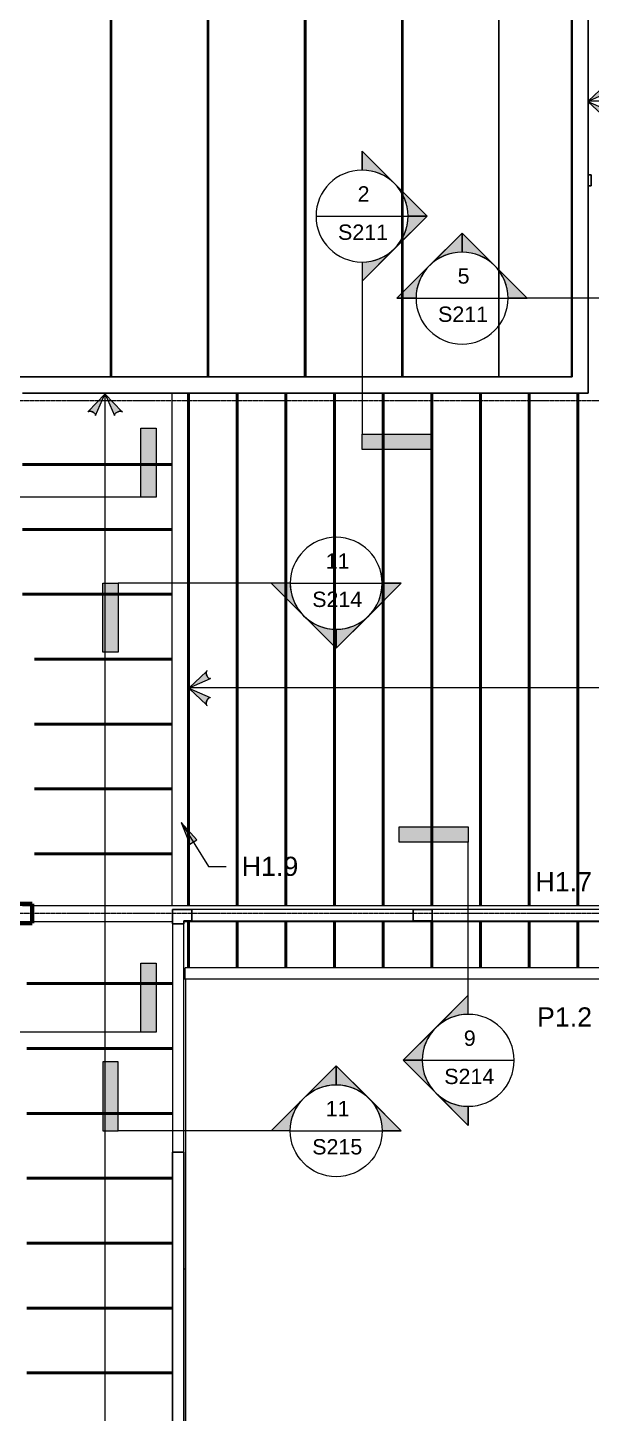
# Model space of a CAD drawing. Header units: inches. Extents: x -4036 to -1914, y 2 to 12338.
# Drawn here: x -3481 to -3203, y 11036 to 11719 of the extents above; entities that cross this region are included whole.
import ezdxf

# ---------------------------------------------------------------- set-up
doc = ezdxf.new("R2010")
doc.units = ezdxf.units.IN
doc.header["$MEASUREMENT"] = 0
doc.linetypes.add('Línea de rejilla', pattern=[0.875, 0.5, -0.125, 0.125, -0.125])
for name, color, linetype, lineweight in [('A-DETL-GENF', 92, 'Continuous', 9), ('A-GLAZ-CWMG', 51, 'Continuous', 9), ('A-WALL', 113, 'Continuous', 9), ('G-ANNO-SYMB', 111, 'Continuous', 9), ('G-ANNO-TEXT', 231, 'Continuous', 9), ('I-WALL', 2, 'Continuous', 9), ('S-BEAM', 12, 'Continuous', 9), ('S-BEAM-ANLY', 10, 'Continuous', 50), ('S-COLS', 52, 'Continuous', 9), ('S-COLS-SYMB', 171, 'Continuous', 70), ('S-GRID', 1, 'Continuous', 9)]:
    doc.layers.add(name, color=color, linetype=linetype, lineweight=lineweight)
doc.styles.add('Arial', font='arial.ttf', dxfattribs={"height": 9.448819})
doc.styles.add('Arial_2', font='arial.ttf', dxfattribs={"height": 7.559055})

# ---------------------------------------------------------------- blocks, each defined once
blk = doc.blocks.new('Rectangular Mullion - 5 1_2_-748986-FRAMING PLAN - 2ND FLOOR')
at = {"layer": 'A-GLAZ-CWMG', "lineweight": 25}
for p, q in [((0, 2.75), (-1.5, 2.75)), ((-1.5, 2.75), (-1.5, -2.75)), ((0, -2.75), (0, 2.75)), ((-1.5, -2.75), (0, -2.75))]:
    blk.add_line(p, q, dxfattribs=at)
blk = doc.blocks.new('Madera-Pilar - 235 x 235-1148042-FRAMING PLAN - 2ND FLOOR')
at = {"layer": 'S-COLS-SYMB'}
for p, q in [((-4.75, 4.75), (-4.75, -4.75)), ((-4.75, 4.75), (4.75, 4.75)), ((4.75, 4.75), (4.75, -4.75)), ((-4.75, -4.75), (4.75, -4.75))]:
    blk.add_line(p, q, dxfattribs=at)
blk = doc.blocks.new('TRUSS - 22_-1312648-FRAMING PLAN - 2ND FLOOR')
at = {"layer": 'S-BEAM'}
for p, q in [((113.1875, 0), (-139.675, 0)), ((143.675, 0), (121.0625, 0))]:
    blk.add_line(p, q, dxfattribs=at)
blk = doc.blocks.new('hollowcore plank - HEAVY-V112-FRAMING PLAN - 2ND FLOOR')
at = {"layer": 'S-BEAM'}
for p, q in [((0, 23.94), (224, 23.94)), ((0, 23.9), (224, 23.9)), ((0, 23.52), (224, 23.52)), ((224, -23.52), (0, -23.52)), ((0, -23.9), (224, -23.9)), ((0, -23.94), (224, -23.94))]:
    blk.add_line(p, q, dxfattribs=at)
blk = doc.blocks.new('hollowcore plank - HEAVY-V113-FRAMING PLAN - 2ND FLOOR')
at = {"layer": 'S-BEAM'}
for p, q in [((0, 23.52), (224, 23.52)), ((224, -23.52), (0, -23.52)), ((0, -23.9), (224, -23.9)), ((0, -23.94), (224, -23.94))]:
    blk.add_line(p, q, dxfattribs=at)
blk = doc.blocks.new('hollowcore plank - HEAVY-1550527-FRAMING PLAN - 2ND FLOOR')
at = {"layer": 'S-BEAM'}
for p, q in [((0, 23.9), (224, 23.9)), ((0, 23.52), (224, 23.52)), ((224, -11.91), (0, -11.91))]:
    blk.add_line(p, q, dxfattribs=at)
blk = doc.blocks.new('TRUSSES - TRUSSES-1144902-FRAMING PLAN - 2ND FLOOR')
at = {"layer": 'A-DETL-GENF'}
h = blk.add_hatch(color=256, dxfattribs=at)
h.paths.add_polyline_path([(583.2, 4.83), (593.75, 0.23), (585.15, 8.4), (585.24, 8.17), (585.29, 7.9), (585.26, 7.25), (585.06, 6.53), (584.73, 5.84), (584.3, 5.27), (583.83, 4.9), (583.6, 4.81), (583.39, 4.79)], flags=0)
h.paths.add_polyline_path([(583.2, -4.6), (583.39, -4.56), (583.6, -4.59), (583.9, -4.73), (584.06, -4.83), (584.52, -5.31), (584.91, -5.95), (585.18, -6.66), (585.3, -7.36), (585.24, -7.95), (585.15, -8.17), (593.75, 0), (583.9, -4.3)], flags=0)
for p, q in [((585.15, 8.4), (584.87, 8.66)), ((593.75, 0.23), (585.15, 8.4)), ((12.85, 0), (593.75, 0)), ((583.2, 4.83), (593.75, 0.23)), ((593.75, 0), (583.2, -4.6)), ((585.15, -8.17), (593.75, 0)), ((585.15, -8.17), (584.87, -8.43))]:
    blk.add_line(p, q, dxfattribs=at)
for centre, major_axis, start_param, end_param in [((584.04, 6.74), (0.84, 1.91), 5.767326, 6.283185), ((584.04, 6.74), (0.84, 1.91), 4.729651, 5.224453), ((584.04, 6.74), (0.84, 1.91), 5.251857, 5.755279), ((584.04, 6.74), (0.84, 1.91), 3.141593, 3.652293), ((584.04, 6.74), (0.84, 1.91), 3.673425, 4.171554), ((584.04, 6.74), (0.84, 1.91), 4.203055, 4.696194), ((584.04, -6.52), (-0.84, 1.91), 5.772485, 6.283185), ((584.04, -6.52), (-0.84, 1.91), 5.253224, 5.751353), ((584.04, -6.52), (-0.84, 1.91), 4.728584, 5.221723), ((584.04, -6.52), (-0.84, 1.91), 4.200325, 4.695127), ((584.04, -6.52), (-0.84, 1.91), 3.141593, 3.657452), ((584.04, -6.52), (-0.84, 1.91), 3.669499, 4.172921)]:
    blk.add_ellipse(centre, major_axis=major_axis, ratio=0.493649, start_param=start_param, end_param=end_param, dxfattribs=at)
for points, knots in [([(585.15, 8.4), (585.19, 8.33), (585.25, 8.18), (585.31, 7.82), (585.29, 7.26), (585.09, 6.52), (584.76, 5.84), (584.36, 5.3), (583.94, 4.94), (583.61, 4.79), (583.36, 4.78), (583.26, 4.81), (583.2, 4.83)], [0, 0, 0, 0, 0.066667, 0.133333, 0.266667, 0.4, 0.533333, 0.65, 0.766667, 0.883333, 0.941667, 1, 1, 1, 1]), ([(583.2, -4.6), (583.26, -4.58), (583.39, -4.55), (583.6, -4.57), (583.83, -4.67), (584.14, -4.87), (584.53, -5.28), (584.93, -5.93), (585.23, -6.73), (585.33, -7.41), (585.27, -7.9), (585.2, -8.09), (585.15, -8.17)], [0, 0, 0, 0, 0.066667, 0.133333, 0.2, 0.266667, 0.4, 0.533333, 0.666667, 0.833333, 0.916667, 1, 1, 1, 1])]:
    blk.add_open_spline(points, degree=3, knots=knots, dxfattribs=at)
blk = doc.blocks.new('TRUSSES - TRUSSES-1503725-FRAMING PLAN - 2ND FLOOR')
at = {"layer": 'A-DETL-GENF'}
h = blk.add_hatch(color=256, dxfattribs=at)
h.paths.add_polyline_path([(-372.17, 8.4), (-380.77, 0.23), (-370.41, 4.79), (-370.62, 4.81), (-370.85, 4.9), (-371.08, 5.06), (-371.54, 5.53), (-371.93, 6.17), (-372.2, 6.89), (-372.31, 7.59), (-372.26, 8.17)], flags=0)
h.paths.add_polyline_path([(-380.77, 0), (-372.17, -8.17), (-372.26, -7.95), (-372.31, -7.68), (-372.28, -7.02), (-372.08, -6.3), (-371.74, -5.61), (-371.31, -5.04), (-370.85, -4.68), (-370.62, -4.59), (-370.41, -4.56), (-370.22, -4.6)], flags=0)
h = blk.add_hatch(color=256, dxfattribs=at)
h.paths.add_polyline_path([(372.17, 8.4), (372.29, 8.01), (372.31, 7.9), (372.28, 7.25), (372.08, 6.53), (371.74, 5.84), (371.31, 5.27), (370.85, 4.9), (370.62, 4.81), (370.41, 4.79), (370.22, 4.83), (380.77, 0.23), (372.57, 8.01)], flags=0)
h.paths.add_polyline_path([(380.77, 0), (370.41, -4.56), (370.62, -4.59), (370.85, -4.68), (371.08, -4.83), (371.54, -5.31), (371.93, -5.95), (372.2, -6.66), (372.31, -7.36), (372.26, -7.95), (372.17, -8.17)], flags=0)
for p, q in [((0, 14.61), (-12.61, 7.43)), ((0, 14.61), (12.85, 7.43)), ((-372.17, 8.4), (-380.77, 0.23)), ((-372.17, 8.4), (-371.89, 8.66)), ((-12.61, 7.43), (-12.61, -7.43)), ((12.85, -7.43), (12.85, 7.43)), ((12.85, 7.43), (12.85, -7.43)), ((372.17, 8.4), (371.89, 8.66)), ((380.77, 0.23), (372.17, 8.4)), ((-380.77, 0.23), (-370.22, 4.83)), ((-12.61, 0), (-380.77, 0)), ((12.85, 0), (380.77, 0)), ((370.22, 4.83), (380.77, 0.23)), ((-380.77, 0), (-372.17, -8.17)), ((-370.22, -4.6), (-380.77, 0)), ((380.77, 0), (370.22, -4.6)), ((372.17, -8.17), (380.77, 0)), ((-372.17, -8.17), (-371.89, -8.43)), ((0, -14.56), (-12.61, -7.43)), ((0, -14.56), (12.85, -7.43)), ((372.17, -8.17), (371.89, -8.43))]:
    blk.add_line(p, q, dxfattribs=at)
for centre, major_axis, start_param, end_param in [((-371.06, 6.74), (-0.84, 1.91), 0.527907, 1.031328), ((-371.06, 6.74), (-0.84, 1.91), 1.058732, 1.553534), ((-371.06, 6.74), (-0.84, 1.91), 0, 0.515859), ((371.06, 6.74), (0.84, 1.91), 5.767326, 6.283185), ((371.06, 6.74), (0.84, 1.91), 4.729651, 5.224453), ((371.06, 6.74), (0.84, 1.91), 5.251857, 5.755279), ((-371.06, 6.74), (-0.84, 1.91), 1.586991, 2.08013), ((-371.06, 6.74), (-0.84, 1.91), 2.111632, 2.609761), ((-371.06, 6.74), (-0.84, 1.91), 2.630892, 3.141593), ((371.06, 6.74), (0.84, 1.91), 3.141593, 3.652293), ((371.06, 6.74), (0.84, 1.91), 3.673425, 4.171554), ((371.06, 6.74), (0.84, 1.91), 4.203055, 4.696194), ((-371.06, -6.52), (0.84, 1.91), 1.588058, 2.082861), ((-371.06, -6.52), (0.84, 1.91), 1.061463, 1.554602), ((-371.06, -6.52), (0.84, 1.91), 0.531832, 1.029961), ((-371.06, -6.52), (0.84, 1.91), 0, 0.5107), ((371.06, -6.52), (-0.84, 1.91), 5.772485, 6.283185), ((371.06, -6.52), (-0.84, 1.91), 5.253224, 5.751353), ((371.06, -6.52), (-0.84, 1.91), 4.728584, 5.221723), ((371.06, -6.52), (-0.84, 1.91), 4.200325, 4.695127), ((-371.06, -6.52), (0.84, 1.91), 2.110265, 2.613686), ((-371.06, -6.52), (0.84, 1.91), 2.625734, 3.141593), ((371.06, -6.52), (-0.84, 1.91), 3.141593, 3.657452), ((371.06, -6.52), (-0.84, 1.91), 3.669499, 4.172921)]:
    blk.add_ellipse(centre, major_axis=major_axis, ratio=0.493649, start_param=start_param, end_param=end_param, dxfattribs=at)
for points, knots in [([(-370.22, 4.83), (-370.28, 4.81), (-370.4, 4.78), (-370.62, 4.8), (-370.84, 4.89), (-371.16, 5.1), (-371.55, 5.5), (-371.95, 6.16), (-372.25, 6.96), (-372.34, 7.64), (-372.28, 8.12), (-372.21, 8.31), (-372.17, 8.4)], [0, 0, 0, 0, 0.066667, 0.133333, 0.2, 0.266667, 0.4, 0.533333, 0.666667, 0.833333, 0.916667, 1, 1, 1, 1]), ([(372.17, 8.4), (372.2, 8.33), (372.26, 8.18), (372.33, 7.82), (372.31, 7.26), (372.1, 6.52), (371.77, 5.84), (371.37, 5.3), (370.96, 4.94), (370.62, 4.79), (370.38, 4.78), (370.27, 4.81), (370.22, 4.83)], [0, 0, 0, 0, 0.066667, 0.133333, 0.266667, 0.4, 0.533333, 0.65, 0.766667, 0.883333, 0.941667, 1, 1, 1, 1]), ([(-372.17, -8.17), (-372.2, -8.1), (-372.26, -7.96), (-372.33, -7.59), (-372.31, -7.03), (-372.1, -6.3), (-371.77, -5.62), (-371.37, -5.08), (-370.96, -4.71), (-370.62, -4.57), (-370.38, -4.55), (-370.27, -4.58), (-370.22, -4.6)], [0, 0, 0, 0, 0.066667, 0.133333, 0.266667, 0.4, 0.533333, 0.65, 0.766667, 0.883333, 0.941667, 1, 1, 1, 1]), ([(370.22, -4.6), (370.28, -4.58), (370.4, -4.55), (370.62, -4.57), (370.84, -4.67), (371.16, -4.87), (371.55, -5.28), (371.95, -5.93), (372.25, -6.73), (372.34, -7.41), (372.28, -7.9), (372.21, -8.09), (372.17, -8.17)], [0, 0, 0, 0, 0.066667, 0.133333, 0.2, 0.266667, 0.4, 0.533333, 0.666667, 0.833333, 0.916667, 1, 1, 1, 1])]:
    blk.add_open_spline(points, degree=3, knots=knots, dxfattribs=at)
blk = doc.blocks.new('TRUSSES - TRUSSES-1318064-FRAMING PLAN - 2ND FLOOR')
at = {"layer": 'A-DETL-GENF'}
h = blk.add_hatch(color=256, dxfattribs=at)
h.paths.add_polyline_path([(-232.9, 8.4), (-241.5, 0.23), (-231.14, 4.79), (-231.35, 4.81), (-231.58, 4.9), (-231.81, 5.06), (-232.27, 5.53), (-232.66, 6.17), (-232.93, 6.89), (-233.05, 7.59), (-232.99, 8.17)], flags=0)
h.paths.add_polyline_path([(-241.5, 0), (-232.9, -8.17), (-232.99, -7.95), (-233.04, -7.68), (-233.01, -7.02), (-232.81, -6.3), (-232.48, -5.61), (-232.05, -5.04), (-231.58, -4.68), (-231.35, -4.59), (-231.14, -4.56), (-230.95, -4.6), (-234.16, -3.21)], flags=0)
h = blk.add_hatch(color=256, dxfattribs=at)
h.paths.add_polyline_path([(232.9, 8.4), (232.99, 8.17), (233.04, 7.9), (233.01, 7.25), (232.81, 6.53), (232.48, 5.84), (232.05, 5.27), (231.58, 4.9), (231.35, 4.81), (231.14, 4.79), (230.95, 4.83), (241.5, 0.23), (237.39, 4.13)], flags=0)
h.paths.add_polyline_path([(241.5, 0), (231.14, -4.56), (231.35, -4.59), (231.58, -4.68), (231.81, -4.83), (232.27, -5.31), (232.66, -5.95), (232.93, -6.66), (233.05, -7.36), (232.99, -7.95), (232.9, -8.17), (237.39, -3.9)], flags=0)
for p, q in [((0, 14.61), (-12.61, 7.43)), ((0, 14.61), (12.85, 7.43)), ((-232.9, 8.4), (-241.5, 0.23)), ((-232.9, 8.4), (-232.62, 8.66)), ((-12.61, 7.43), (-12.61, -7.43)), ((12.85, -7.43), (12.85, 7.43)), ((12.85, 7.43), (12.85, -7.43)), ((232.9, 8.4), (232.62, 8.66)), ((241.5, 0.23), (232.9, 8.4)), ((-241.5, 0.23), (-230.95, 4.83)), ((-241.5, 0), (-232.9, -8.17)), ((-230.95, -4.6), (-241.5, 0)), ((-12.61, 0), (-241.5, 0)), ((12.85, 0), (241.5, 0)), ((230.95, 4.83), (241.5, 0.23)), ((241.5, 0), (230.95, -4.6)), ((232.9, -8.17), (241.5, 0)), ((-232.9, -8.17), (-232.62, -8.43)), ((0, -14.56), (-12.61, -7.43)), ((0, -14.56), (12.85, -7.43)), ((232.9, -8.17), (232.62, -8.43))]:
    blk.add_line(p, q, dxfattribs=at)
for centre, major_axis, start_param, end_param in [((-231.79, 6.74), (-0.84, 1.91), 0.527907, 1.031328), ((-231.79, 6.74), (-0.84, 1.91), 1.058732, 1.553534), ((-231.79, 6.74), (-0.84, 1.91), 0, 0.515859), ((231.79, 6.74), (0.84, 1.91), 5.767326, 6.283185), ((231.79, 6.74), (0.84, 1.91), 4.729651, 5.224453), ((231.79, 6.74), (0.84, 1.91), 5.251857, 5.755279), ((-231.79, 6.74), (-0.84, 1.91), 1.586991, 2.08013), ((-231.79, 6.74), (-0.84, 1.91), 2.111632, 2.609761), ((-231.79, 6.74), (-0.84, 1.91), 2.630892, 3.141593), ((231.79, 6.74), (0.84, 1.91), 3.141593, 3.652293), ((231.79, 6.74), (0.84, 1.91), 3.673425, 4.171554), ((231.79, 6.74), (0.84, 1.91), 4.203055, 4.696194), ((-231.79, -6.52), (0.84, 1.91), 1.588058, 2.069331), ((-231.79, -6.52), (0.84, 1.91), 1.061463, 1.554602), ((-231.79, -6.52), (0.84, 1.91), 0.531832, 1.029961), ((-231.79, -6.52), (0.84, 1.91), 0, 0.5107), ((231.79, -6.52), (-0.84, 1.91), 5.772485, 6.283185), ((231.79, -6.52), (-0.84, 1.91), 5.253224, 5.751353), ((231.79, -6.52), (-0.84, 1.91), 4.728584, 5.221723), ((231.79, -6.52), (-0.84, 1.91), 4.213855, 4.695127), ((-231.79, -6.52), (0.84, 1.91), 2.110265, 2.613686), ((-231.79, -6.52), (0.84, 1.91), 2.625734, 3.141593), ((231.79, -6.52), (-0.84, 1.91), 3.141593, 3.657452), ((231.79, -6.52), (-0.84, 1.91), 3.669499, 4.172921)]:
    blk.add_ellipse(centre, major_axis=major_axis, ratio=0.493649, start_param=start_param, end_param=end_param, dxfattribs=at)
for points, knots in [([(-230.95, 4.83), (-231.01, 4.81), (-231.14, 4.78), (-231.35, 4.8), (-231.58, 4.89), (-231.89, 5.1), (-232.28, 5.5), (-232.68, 6.16), (-232.98, 6.96), (-233.08, 7.64), (-233.02, 8.12), (-232.95, 8.31), (-232.9, 8.4)], [0, 0, 0, 0, 0.066667, 0.133333, 0.2, 0.266667, 0.4, 0.533333, 0.666667, 0.833333, 0.916667, 1, 1, 1, 1]), ([(232.9, 8.4), (232.94, 8.33), (233, 8.18), (233.06, 7.82), (233.04, 7.26), (232.84, 6.52), (232.51, 5.84), (232.11, 5.3), (231.69, 4.94), (231.36, 4.79), (231.11, 4.78), (231.01, 4.81), (230.95, 4.83)], [0, 0, 0, 0, 0.066667, 0.133333, 0.266667, 0.4, 0.533333, 0.65, 0.766667, 0.883333, 0.941667, 1, 1, 1, 1]), ([(-232.9, -8.17), (-232.94, -8.1), (-233, -7.96), (-233.06, -7.59), (-233.04, -7.03), (-232.84, -6.3), (-232.51, -5.62), (-232.11, -5.08), (-231.69, -4.71), (-231.36, -4.57), (-231.11, -4.55), (-231.01, -4.58), (-230.95, -4.6)], [0, 0, 0, 0, 0.066667, 0.133333, 0.266667, 0.4, 0.533333, 0.65, 0.766667, 0.883333, 0.941667, 1, 1, 1, 1]), ([(230.95, -4.6), (231.01, -4.58), (231.14, -4.55), (231.35, -4.57), (231.58, -4.67), (231.89, -4.87), (232.28, -5.28), (232.68, -5.93), (232.98, -6.73), (233.08, -7.41), (233.02, -7.9), (232.95, -8.09), (232.9, -8.17)], [0, 0, 0, 0, 0.066667, 0.133333, 0.2, 0.266667, 0.4, 0.533333, 0.666667, 0.833333, 0.916667, 1, 1, 1, 1])]:
    blk.add_open_spline(points, degree=3, knots=knots, dxfattribs=at)
blk = doc.blocks.new('Vista de diseño - Extremo final de sección - Rellenado-14997-FRAMING PLAN - 2ND FLOOR')
at = {"layer": 'G-ANNO-SYMB'}
blk.add_hatch(color=256, dxfattribs=at).paths.add_polyline_path([(0, 0.3543), (0, 0), (-0.0787, 0), (-0.0787, 0.3543)], flags=0)
for p, q in [((0, 0.3543), (-0.0787, 0.3543)), ((-0.0787, 0.3543), (-0.0787, 0)), ((0, 0), (0, 0.3543)), ((-0.0787, 0), (0, 0))]:
    blk.add_line(p, q, dxfattribs=at)
blk = doc.blocks.new('Vista de diseño - Extremo inicial de sección - Rellenado-1561-FRAMING PLAN - 2ND FLOOR')
at = {"layer": 'G-ANNO-SYMB'}
h = blk.add_hatch(color=256, dxfattribs=at)
edge = h.paths.add_edge_path(flags=0)
edge.add_line((-0.2362, 0.3341), (-0.2362, 0.2362))
edge.add_arc((-0.2362, 0), 0.2362, 90, 135)
edge.add_line((-0.4033, 0.167), (-0.2362, 0.3341))
h = blk.add_hatch(color=256, dxfattribs=at)
edge = h.paths.add_edge_path(flags=0)
edge.add_line((-0.2362, 0.3341), (-0.0692, 0.167))
edge.add_arc((-0.2362, 0), 0.2362, 45, 90)
edge.add_line((-0.2362, 0.2362), (-0.2362, 0.3341))
h = blk.add_hatch(color=256, dxfattribs=at)
edge = h.paths.add_edge_path(flags=0)
edge.add_line((-0.5703, 0), (-0.4033, 0.167))
edge.add_arc((-0.2362, 0), 0.2362, 135, 180)
edge.add_line((-0.4724, 0), (-0.5703, 0))
h = blk.add_hatch(color=256, dxfattribs=at)
edge = h.paths.add_edge_path(flags=0)
edge.add_line((0.0978, 0), (0, 0))
edge.add_arc((-0.2362, 0), 0.2362, 360, 405)
edge.add_line((-0.0692, 0.167), (0.0978, 0))
for p, q in [((-0.2362, 0.3341), (-0.5703, 0)), ((-0.2362, 0.3341), (-0.4033, 0.167)), ((-0.2362, 0.3341), (0.0978, 0)), ((-0.2362, 0.2362), (-0.2362, 0.3341)), ((-0.2362, 0.3341), (-0.2362, 0.2362)), ((-0.0692, 0.167), (-0.2362, 0.3341)), ((-0.4033, 0.167), (-0.5703, 0)), ((0.0978, 0), (-0.0692, 0.167)), ((-0.5703, 0), (-0.4724, 0)), ((0, 0), (0.0978, 0)), ((-0.4724, 0), (-0.5703, 0)), ((0, 0), (0.0978, 0))]:
    blk.add_line(p, q, dxfattribs=at)
for start, end in [(360, 180), (90, 135), (45, 90), (135, 180), (360, 45), (180, 360)]:
    blk.add_arc((-0.2362, 0), 0.2362, start, end, dxfattribs=at)

msp = doc.modelspace()

# ---------------------------------------------------------------- hatches: boundary and pattern name
at = {"layer": 'G-ANNO-TEXT'}
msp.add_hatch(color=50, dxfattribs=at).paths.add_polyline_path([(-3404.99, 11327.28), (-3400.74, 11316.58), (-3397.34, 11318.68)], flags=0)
# # # #
| Assignment |
In the preceding records, how many lines include the word "CWMG"? Reply with the number only.

| Response below |
2